John Leach, chief executive of Winning Pitch, outlines how entrepreneurs can put themselves in the funder’s shoes to increase their likelihood of securing investment.
Being investment ready consists of far more than having a professionally prepared business plan from an accountant or corporate finance adviser.
While such a document proves to be an essential ingredient of the fundraising process, the reality is that, more often than not, a business plan will be rejected.
It’s not uncommon for over 90% of applications to be turned down and the odds of the remaining 10%, who will be subjected to further scrutiny, are equally low.
The reasons business funding applications get rejected
What are the reasons? Research and our experience would suggest factors leading to rejection are wide and varied, but include:
- Incomplete plans – lacking essential market and financial information
- Market characteristics – too small, insufficient growth potential, lack of differentiation
- Lack of management skills – gaps in the team, dependency on founder
- Excessive risks – lack of experience, questions over the ability to execute
- Fund fit – competing portfolio companies, poor fit with portfolio companies
- Systems and processes – poor management information, lack of governance
The chances of attracting an investor would be enhanced significantly if the entrepreneur viewed the world from a funder’s perspective.
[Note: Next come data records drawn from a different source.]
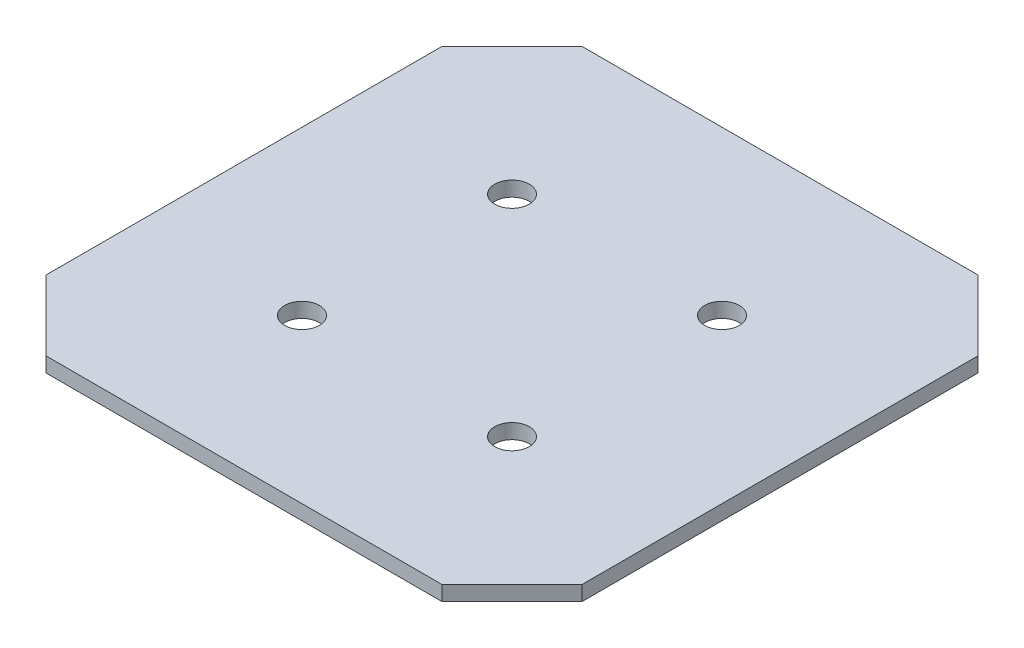
ISO-10303-21;
HEADER;
FILE_DESCRIPTION(('STEP AP214'),'2;1');
FILE_NAME('part.step','',(''),(''),'','','');
FILE_SCHEMA(('AUTOMOTIVE_DESIGN { 1 0 10303 214 1 1 1 1 }'));
ENDSEC;
DATA;
#1=APPLICATION_CONTEXT('core data for automotive mechanical design processes');
#2=APPLICATION_PROTOCOL_DEFINITION('international standard','automotive_design',2000,#1);
#3=PRODUCT_CONTEXT('',#1,'mechanical');
#4=PRODUCT('Part','Part','',(#3));
#5=PRODUCT_RELATED_PRODUCT_CATEGORY('part','',(#4));
#6=PRODUCT_DEFINITION_FORMATION('','',#4);
#7=PRODUCT_DEFINITION_CONTEXT('part definition',#1,'design');
#8=PRODUCT_DEFINITION('design','',#6,#7);
#9=PRODUCT_DEFINITION_SHAPE('','',#8);
#10=(LENGTH_UNIT() NAMED_UNIT(*) SI_UNIT(.MILLI.,.METRE.));
#11=(NAMED_UNIT(*) PLANE_ANGLE_UNIT() SI_UNIT($,.RADIAN.));
#12=(NAMED_UNIT(*) SI_UNIT($,.STERADIAN.) SOLID_ANGLE_UNIT());
#13=UNCERTAINTY_MEASURE_WITH_UNIT(LENGTH_MEASURE(1.E-05),#10,'distance_accuracy_value','');
#14=(GEOMETRIC_REPRESENTATION_CONTEXT(3) GLOBAL_UNCERTAINTY_ASSIGNED_CONTEXT((#13)) GLOBAL_UNIT_ASSIGNED_CONTEXT((#10,
#11,#12)) REPRESENTATION_CONTEXT('',''));
#15=CARTESIAN_POINT('',(0.,0.,0.));
#16=DIRECTION('',(0.,0.,1.));
#17=DIRECTION('',(1.,0.,0.));
#18=AXIS2_PLACEMENT_3D('',#15,#16,#17);
#19=CARTESIAN_POINT('',(0.,3.,0.));
#20=DIRECTION('',(0.,1.,0.));
#21=DIRECTION('',(0.,0.,1.));
#22=AXIS2_PLACEMENT_3D('',#19,#20,#21);
#23=PLANE('',#22);
#24=CARTESIAN_POINT('',(21.2132034355964,3.,21.2132034355965));
#25=DIRECTION('',(0.,1.,0.));
#26=DIRECTION('',(0.,0.,1.));
#27=AXIS2_PLACEMENT_3D('',#24,#25,#26);
#28=CIRCLE('',#27,3.5);
#29=CARTESIAN_POINT('',(21.2132034355964,3.,24.7132034355965));
#30=VERTEX_POINT('',#29);
#31=EDGE_CURVE('E221',#30,#30,#28,.T.);
#32=ORIENTED_EDGE('',*,*,#31,.F.);
#33=EDGE_LOOP('',(#32));
#34=FACE_BOUND('',#33,.T.);
#35=CARTESIAN_POINT('',(-21.2132034355965,3.,-21.2132034355964));
#36=DIRECTION('',(0.,1.,0.));
#37=DIRECTION('',(0.,0.,1.));
#38=AXIS2_PLACEMENT_3D('',#35,#36,#37);
#39=CIRCLE('',#38,3.5);
#40=CARTESIAN_POINT('',(-21.2132034355965,3.,-17.7132034355964));
#41=VERTEX_POINT('',#40);
#42=EDGE_CURVE('E146',#41,#41,#39,.T.);
#43=ORIENTED_EDGE('',*,*,#42,.F.);
#44=EDGE_LOOP('',(#43));
#45=FACE_BOUND('',#44,.T.);
#46=DIRECTION('',(0.,0.,1.));
#47=VECTOR('',#46,1.);
#48=CARTESIAN_POINT('',(-54.142135623731,3.,-39.9999999999999));
#49=LINE('',#48,#47);
#50=CARTESIAN_POINT('',(-54.142135623731,3.,-39.9999999999999));
#51=VERTEX_POINT('',#50);
#52=CARTESIAN_POINT('',(-54.142135623731,3.,40.0000000000001));
#53=VERTEX_POINT('',#52);
#54=EDGE_CURVE('E164',#51,#53,#49,.T.);
#55=ORIENTED_EDGE('',*,*,#54,.T.);
#56=DIRECTION('',(0.707106781186555,0.,0.70710678118654));
#57=VECTOR('',#56,1.);
#58=CARTESIAN_POINT('',(-54.142135623731,3.,40.0000000000001));
#59=LINE('',#58,#57);
#60=CARTESIAN_POINT('',(-39.9999999999999,3.,54.1421356237309));
#61=VERTEX_POINT('',#60);
#62=EDGE_CURVE('E100',#53,#61,#59,.T.);
#63=ORIENTED_EDGE('',*,*,#62,.T.);
#64=DIRECTION('',(1.,0.,0.));
#65=VECTOR('',#64,1.);
#66=CARTESIAN_POINT('',(-39.9999999999999,3.,54.1421356237309));
#67=LINE('',#66,#65);
#68=CARTESIAN_POINT('',(40.0000000000001,3.,54.1421356237309));
#69=VERTEX_POINT('',#68);
#70=EDGE_CURVE('E185',#61,#69,#67,.T.);
#71=ORIENTED_EDGE('',*,*,#70,.T.);
#72=DIRECTION('',(0.707106781186544,0.,-0.707106781186551));
#73=VECTOR('',#72,1.);
#74=CARTESIAN_POINT('',(40.0000000000001,3.,54.1421356237309));
#75=LINE('',#74,#73);
#76=CARTESIAN_POINT('',(54.142135623731,3.,39.9999999999999));
#77=VERTEX_POINT('',#76);
#78=EDGE_CURVE('E199',#69,#77,#75,.T.);
#79=ORIENTED_EDGE('',*,*,#78,.T.);
#80=DIRECTION('',(0.,0.,-1.));
#81=VECTOR('',#80,1.);
#82=CARTESIAN_POINT('',(54.142135623731,3.,-40.0000000000001));
#83=LINE('',#82,#81);
#84=CARTESIAN_POINT('',(54.142135623731,3.,-40.0000000000001));
#85=VERTEX_POINT('',#84);
#86=EDGE_CURVE('E119',#77,#85,#83,.T.);
#87=ORIENTED_EDGE('',*,*,#86,.T.);
#88=DIRECTION('',(-0.707106781186555,0.,-0.707106781186539));
#89=VECTOR('',#88,1.);
#90=CARTESIAN_POINT('',(39.9999999999999,3.,-54.1421356237309));
#91=LINE('',#90,#89);
#92=CARTESIAN_POINT('',(39.9999999999999,3.,-54.1421356237309));
#93=VERTEX_POINT('',#92);
#94=EDGE_CURVE('E113',#85,#93,#91,.T.);
#95=ORIENTED_EDGE('',*,*,#94,.T.);
#96=DIRECTION('',(-1.,0.,0.));
#97=VECTOR('',#96,1.);
#98=CARTESIAN_POINT('',(-40.0000000000001,3.,-54.1421356237309));
#99=LINE('',#98,#97);
#100=CARTESIAN_POINT('',(-40.0000000000001,3.,-54.1421356237309));
#101=VERTEX_POINT('',#100);
#102=EDGE_CURVE('E117',#93,#101,#99,.T.);
#103=ORIENTED_EDGE('',*,*,#102,.T.);
#104=DIRECTION('',(-0.707106781186544,0.,0.707106781186551));
#105=VECTOR('',#104,1.);
#106=CARTESIAN_POINT('',(-54.142135623731,3.,-39.9999999999999));
#107=LINE('',#106,#105);
#108=EDGE_CURVE('E57',#101,#51,#107,.T.);
#109=ORIENTED_EDGE('',*,*,#108,.T.);
#110=EDGE_LOOP('',(#55,#63,#71,#79,#87,#95,#103,#109));
#111=FACE_BOUND('',#110,.T.);
#112=CARTESIAN_POINT('',(21.2132034355964,3.,-21.2132034355965));
#113=DIRECTION('',(0.,1.,0.));
#114=DIRECTION('',(0.,0.,1.));
#115=AXIS2_PLACEMENT_3D('',#112,#113,#114);
#116=CIRCLE('',#115,3.5);
#117=CARTESIAN_POINT('',(21.2132034355964,3.,-17.7132034355965));
#118=VERTEX_POINT('',#117);
#119=EDGE_CURVE('E213',#118,#118,#116,.T.);
#120=ORIENTED_EDGE('',*,*,#119,.F.);
#121=EDGE_LOOP('',(#120));
#122=FACE_BOUND('',#121,.T.);
#123=CARTESIAN_POINT('',(-21.2132034355965,3.,21.2132034355964));
#124=DIRECTION('',(0.,1.,0.));
#125=DIRECTION('',(0.,0.,1.));
#126=AXIS2_PLACEMENT_3D('',#123,#124,#125);
#127=CIRCLE('',#126,3.5);
#128=CARTESIAN_POINT('',(-21.2132034355965,3.,24.7132034355964));
#129=VERTEX_POINT('',#128);
#130=EDGE_CURVE('E229',#129,#129,#127,.T.);
#131=ORIENTED_EDGE('',*,*,#130,.F.);
#132=EDGE_LOOP('',(#131));
#133=FACE_BOUND('',#132,.T.);
#134=ADVANCED_FACE('F39',(#34,#45,#111,#122,#133),#23,.T.);
#135=CARTESIAN_POINT('',(0.,0.,0.));
#136=DIRECTION('',(0.,1.,0.));
#137=DIRECTION('',(0.,0.,1.));
#138=AXIS2_PLACEMENT_3D('',#135,#136,#137);
#139=PLANE('',#138);
#140=DIRECTION('',(0.,0.,1.));
#141=VECTOR('',#140,1.);
#142=CARTESIAN_POINT('',(-54.142135623731,0.,-39.9999999999999));
#143=LINE('',#142,#141);
#144=CARTESIAN_POINT('',(-54.142135623731,0.,-39.9999999999999));
#145=VERTEX_POINT('',#144);
#146=CARTESIAN_POINT('',(-54.142135623731,0.,40.0000000000001));
#147=VERTEX_POINT('',#146);
#148=EDGE_CURVE('E141',#145,#147,#143,.T.);
#149=ORIENTED_EDGE('',*,*,#148,.F.);
#150=DIRECTION('',(-0.707106781186544,0.,0.707106781186551));
#151=VECTOR('',#150,1.);
#152=CARTESIAN_POINT('',(-54.142135623731,0.,-39.9999999999999));
#153=LINE('',#152,#151);
#154=CARTESIAN_POINT('',(-40.0000000000001,0.,-54.1421356237309));
#155=VERTEX_POINT('',#154);
#156=EDGE_CURVE('E92',#155,#145,#153,.T.);
#157=ORIENTED_EDGE('',*,*,#156,.F.);
#158=DIRECTION('',(-1.,0.,0.));
#159=VECTOR('',#158,1.);
#160=CARTESIAN_POINT('',(-40.0000000000001,0.,-54.1421356237309));
#161=LINE('',#160,#159);
#162=CARTESIAN_POINT('',(39.9999999999999,0.,-54.1421356237309));
#163=VERTEX_POINT('',#162);
#164=EDGE_CURVE('E86',#163,#155,#161,.T.);
#165=ORIENTED_EDGE('',*,*,#164,.F.);
#166=DIRECTION('',(-0.707106781186555,0.,-0.707106781186539));
#167=VECTOR('',#166,1.);
#168=CARTESIAN_POINT('',(39.9999999999999,0.,-54.1421356237309));
#169=LINE('',#168,#167);
#170=CARTESIAN_POINT('',(54.142135623731,0.,-40.0000000000001));
#171=VERTEX_POINT('',#170);
#172=EDGE_CURVE('E128',#171,#163,#169,.T.);
#173=ORIENTED_EDGE('',*,*,#172,.F.);
#174=DIRECTION('',(0.,0.,-1.));
#175=VECTOR('',#174,1.);
#176=CARTESIAN_POINT('',(54.142135623731,0.,-40.0000000000001));
#177=LINE('',#176,#175);
#178=CARTESIAN_POINT('',(54.142135623731,0.,39.9999999999999));
#179=VERTEX_POINT('',#178);
#180=EDGE_CURVE('E155',#179,#171,#177,.T.);
#181=ORIENTED_EDGE('',*,*,#180,.F.);
#182=DIRECTION('',(0.707106781186544,0.,-0.707106781186551));
#183=VECTOR('',#182,1.);
#184=CARTESIAN_POINT('',(40.0000000000001,0.,54.1421356237309));
#185=LINE('',#184,#183);
#186=CARTESIAN_POINT('',(40.0000000000001,0.,54.1421356237309));
#187=VERTEX_POINT('',#186);
#188=EDGE_CURVE('E152',#187,#179,#185,.T.);
#189=ORIENTED_EDGE('',*,*,#188,.F.);
#190=DIRECTION('',(1.,0.,0.));
#191=VECTOR('',#190,1.);
#192=CARTESIAN_POINT('',(-39.9999999999999,0.,54.1421356237309));
#193=LINE('',#192,#191);
#194=CARTESIAN_POINT('',(-39.9999999999999,0.,54.1421356237309));
#195=VERTEX_POINT('',#194);
#196=EDGE_CURVE('E149',#195,#187,#193,.T.);
#197=ORIENTED_EDGE('',*,*,#196,.F.);
#198=DIRECTION('',(0.707106781186555,0.,0.70710678118654));
#199=VECTOR('',#198,1.);
#200=CARTESIAN_POINT('',(-54.142135623731,0.,40.0000000000001));
#201=LINE('',#200,#199);
#202=EDGE_CURVE('E145',#147,#195,#201,.T.);
#203=ORIENTED_EDGE('',*,*,#202,.F.);
#204=EDGE_LOOP('',(#149,#157,#165,#173,#181,#189,#197,#203));
#205=FACE_BOUND('',#204,.T.);
#206=CARTESIAN_POINT('',(-21.2132034355965,0.,-21.2132034355964));
#207=DIRECTION('',(0.,1.,0.));
#208=DIRECTION('',(0.,0.,1.));
#209=AXIS2_PLACEMENT_3D('',#206,#207,#208);
#210=CIRCLE('',#209,3.5);
#211=CARTESIAN_POINT('',(-21.2132034355965,0.,-17.7132034355964));
#212=VERTEX_POINT('',#211);
#213=EDGE_CURVE('E209',#212,#212,#210,.T.);
#214=ORIENTED_EDGE('',*,*,#213,.T.);
#215=EDGE_LOOP('',(#214));
#216=FACE_BOUND('',#215,.T.);
#217=CARTESIAN_POINT('',(21.2132034355964,0.,-21.2132034355965));
#218=DIRECTION('',(0.,1.,0.));
#219=DIRECTION('',(0.,0.,1.));
#220=AXIS2_PLACEMENT_3D('',#217,#218,#219);
#221=CIRCLE('',#220,3.5);
#222=CARTESIAN_POINT('',(21.2132034355964,0.,-17.7132034355965));
#223=VERTEX_POINT('',#222);
#224=EDGE_CURVE('E217',#223,#223,#221,.T.);
#225=ORIENTED_EDGE('',*,*,#224,.T.);
#226=EDGE_LOOP('',(#225));
#227=FACE_BOUND('',#226,.T.);
#228=CARTESIAN_POINT('',(21.2132034355964,0.,21.2132034355965));
#229=DIRECTION('',(0.,1.,0.));
#230=DIRECTION('',(0.,0.,1.));
#231=AXIS2_PLACEMENT_3D('',#228,#229,#230);
#232=CIRCLE('',#231,3.5);
#233=CARTESIAN_POINT('',(21.2132034355964,0.,24.7132034355965));
#234=VERTEX_POINT('',#233);
#235=EDGE_CURVE('E225',#234,#234,#232,.T.);
#236=ORIENTED_EDGE('',*,*,#235,.T.);
#237=EDGE_LOOP('',(#236));
#238=FACE_BOUND('',#237,.T.);
#239=CARTESIAN_POINT('',(-21.2132034355965,0.,21.2132034355964));
#240=DIRECTION('',(0.,1.,0.));
#241=DIRECTION('',(0.,0.,1.));
#242=AXIS2_PLACEMENT_3D('',#239,#240,#241);
#243=CIRCLE('',#242,3.5);
#244=CARTESIAN_POINT('',(-21.2132034355965,0.,24.7132034355964));
#245=VERTEX_POINT('',#244);
#246=EDGE_CURVE('E233',#245,#245,#243,.T.);
#247=ORIENTED_EDGE('',*,*,#246,.T.);
#248=EDGE_LOOP('',(#247));
#249=FACE_BOUND('',#248,.T.);
#250=ADVANCED_FACE('F189',(#205,#216,#227,#238,#249),#139,.F.);
#251=CARTESIAN_POINT('',(-54.142135623731,3.,-39.9999999999999));
#252=DIRECTION('',(1.,0.,0.));
#253=DIRECTION('',(0.,0.,-1.));
#254=AXIS2_PLACEMENT_3D('',#251,#252,#253);
#255=PLANE('',#254);
#256=ORIENTED_EDGE('',*,*,#148,.T.);
#257=DIRECTION('',(0.,-1.,0.));
#258=VECTOR('',#257,1.);
#259=CARTESIAN_POINT('',(-54.142135623731,3.,40.0000000000001));
#260=LINE('',#259,#258);
#261=EDGE_CURVE('E11',#53,#147,#260,.T.);
#262=ORIENTED_EDGE('',*,*,#261,.F.);
#263=ORIENTED_EDGE('',*,*,#54,.F.);
#264=DIRECTION('',(0.,-1.,0.));
#265=VECTOR('',#264,1.);
#266=CARTESIAN_POINT('',(-54.142135623731,3.,-39.9999999999999));
#267=LINE('',#266,#265);
#268=EDGE_CURVE('E137',#51,#145,#267,.T.);
#269=ORIENTED_EDGE('',*,*,#268,.T.);
#270=EDGE_LOOP('',(#256,#262,#263,#269));
#271=FACE_BOUND('',#270,.T.);
#272=ADVANCED_FACE('F41',(#271),#255,.F.);
#273=CARTESIAN_POINT('',(-54.142135623731,3.,40.0000000000001));
#274=DIRECTION('',(0.70710678118654,0.,-0.707106781186555));
#275=DIRECTION('',(-0.707106781186555,0.,-0.70710678118654));
#276=AXIS2_PLACEMENT_3D('',#273,#274,#275);
#277=PLANE('',#276);
#278=ORIENTED_EDGE('',*,*,#202,.T.);
#279=DIRECTION('',(0.,-1.,0.));
#280=VECTOR('',#279,1.);
#281=CARTESIAN_POINT('',(-39.9999999999999,3.,54.1421356237309));
#282=LINE('',#281,#280);
#283=EDGE_CURVE('E49',#61,#195,#282,.T.);
#284=ORIENTED_EDGE('',*,*,#283,.F.);
#285=ORIENTED_EDGE('',*,*,#62,.F.);
#286=ORIENTED_EDGE('',*,*,#261,.T.);
#287=EDGE_LOOP('',(#278,#284,#285,#286));
#288=FACE_BOUND('',#287,.T.);
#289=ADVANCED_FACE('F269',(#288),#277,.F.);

Too many entrepreneurs, for lots of legitimate reasons run their business without this viewpoint and here lies a fundamental issue that needs to be tackled in the future.
This blind spot occurs when entrepreneurs think they are in a place where they are just not. A business plan will fail the painstaking process of due diligence because the growth foundations are not in place and the choreography of strategy and execution is out of kilter with the expectations of a venture capital investor.
The importance of being critical of your own business
Applying for investment funds too early and without preparation will often lead to rejection and this can be demoralising for the founder. The pursuit of building a finely-tuned business with supporting structures that tick an investor’s checklist can be rewarding and help pave the way for an efficient fundraising experience.
Be critical of your business plan and clear on the gaps. Don’t get caught up in the ‘blind spot’ that for sure an investor will make very visible to you. Future support for entrepreneurs should aim to educate start-ups and growing companies just exactly what shape their business must be in before they knock on the investor’s door.
Our experience is that there is more money around today than in recent years. The launch of the Northern Powerhouse Investment Fund has attracted lots of interest and is just one example of SME growth/scaling support available to the well-tuned business. Our experience is the lack of well-presented business cases is a major problem for the funding community.
If you are ambitious and keen to scale your business, just ask yourself, how investment ready am I? After all, would you take your car for a MOT with the exhaust hanging off?
Boost Business Lancashire has a wide range of support programmes available for businesses looking to secure funding and become investment ready. To discuss any of these programmes further, contact us on 0800 488 0057.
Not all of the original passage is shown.